SOURCE MATERIAL
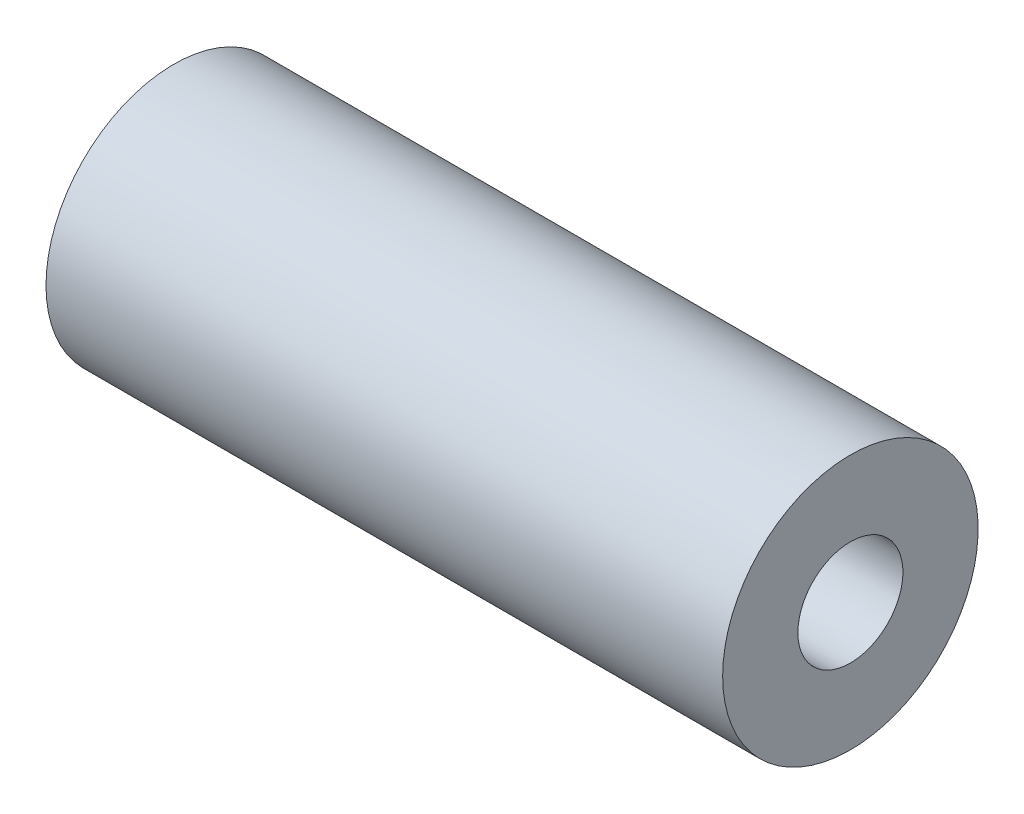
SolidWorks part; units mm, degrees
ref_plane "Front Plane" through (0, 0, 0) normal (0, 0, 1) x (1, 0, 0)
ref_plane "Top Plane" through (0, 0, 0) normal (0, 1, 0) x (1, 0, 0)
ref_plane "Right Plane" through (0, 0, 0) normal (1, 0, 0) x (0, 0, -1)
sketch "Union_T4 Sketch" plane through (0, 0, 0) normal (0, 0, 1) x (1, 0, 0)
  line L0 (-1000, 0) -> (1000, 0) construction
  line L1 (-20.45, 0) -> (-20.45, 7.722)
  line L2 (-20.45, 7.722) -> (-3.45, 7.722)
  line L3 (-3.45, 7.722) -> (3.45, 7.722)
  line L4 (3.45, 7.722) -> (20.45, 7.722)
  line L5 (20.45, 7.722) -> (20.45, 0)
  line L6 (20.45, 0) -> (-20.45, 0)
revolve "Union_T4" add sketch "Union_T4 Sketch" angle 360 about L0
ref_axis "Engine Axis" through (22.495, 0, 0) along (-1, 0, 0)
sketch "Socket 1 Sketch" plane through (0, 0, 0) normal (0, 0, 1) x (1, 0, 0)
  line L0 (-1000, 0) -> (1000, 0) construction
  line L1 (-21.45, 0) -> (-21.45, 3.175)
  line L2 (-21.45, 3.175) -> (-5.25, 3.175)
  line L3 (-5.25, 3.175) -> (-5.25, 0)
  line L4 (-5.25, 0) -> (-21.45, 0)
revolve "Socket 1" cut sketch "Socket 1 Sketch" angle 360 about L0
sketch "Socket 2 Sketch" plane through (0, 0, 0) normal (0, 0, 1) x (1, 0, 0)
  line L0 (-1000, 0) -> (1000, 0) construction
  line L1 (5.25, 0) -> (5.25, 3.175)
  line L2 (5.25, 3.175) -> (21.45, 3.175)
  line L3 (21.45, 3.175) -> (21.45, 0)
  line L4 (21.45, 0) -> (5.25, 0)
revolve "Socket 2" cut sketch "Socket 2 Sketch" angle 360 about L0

EXERCISE REQUIREMENTS
Starting from the line that contains "line L4 (-5.25, 0) -> (-21.45, 0)", reproduce each line of the data exactly through the last one.

FINISHED EXERCISE
  line L4 (-5.25, 0) -> (-21.45, 0)
revolve "Socket 1" cut sketch "Socket 1 Sketch" angle 360 about L0
sketch "Socket 2 Sketch" plane through (0, 0, 0) normal (0, 0, 1) x (1, 0, 0)
  line L0 (-1000, 0) -> (1000, 0) construction
  line L1 (5.25, 0) -> (5.25, 3.175)
  line L2 (5.25, 3.175) -> (21.45, 3.175)
  line L3 (21.45, 3.175) -> (21.45, 0)
  line L4 (21.45, 0) -> (5.25, 0)
revolve "Socket 2" cut sketch "Socket 2 Sketch" angle 360 about L0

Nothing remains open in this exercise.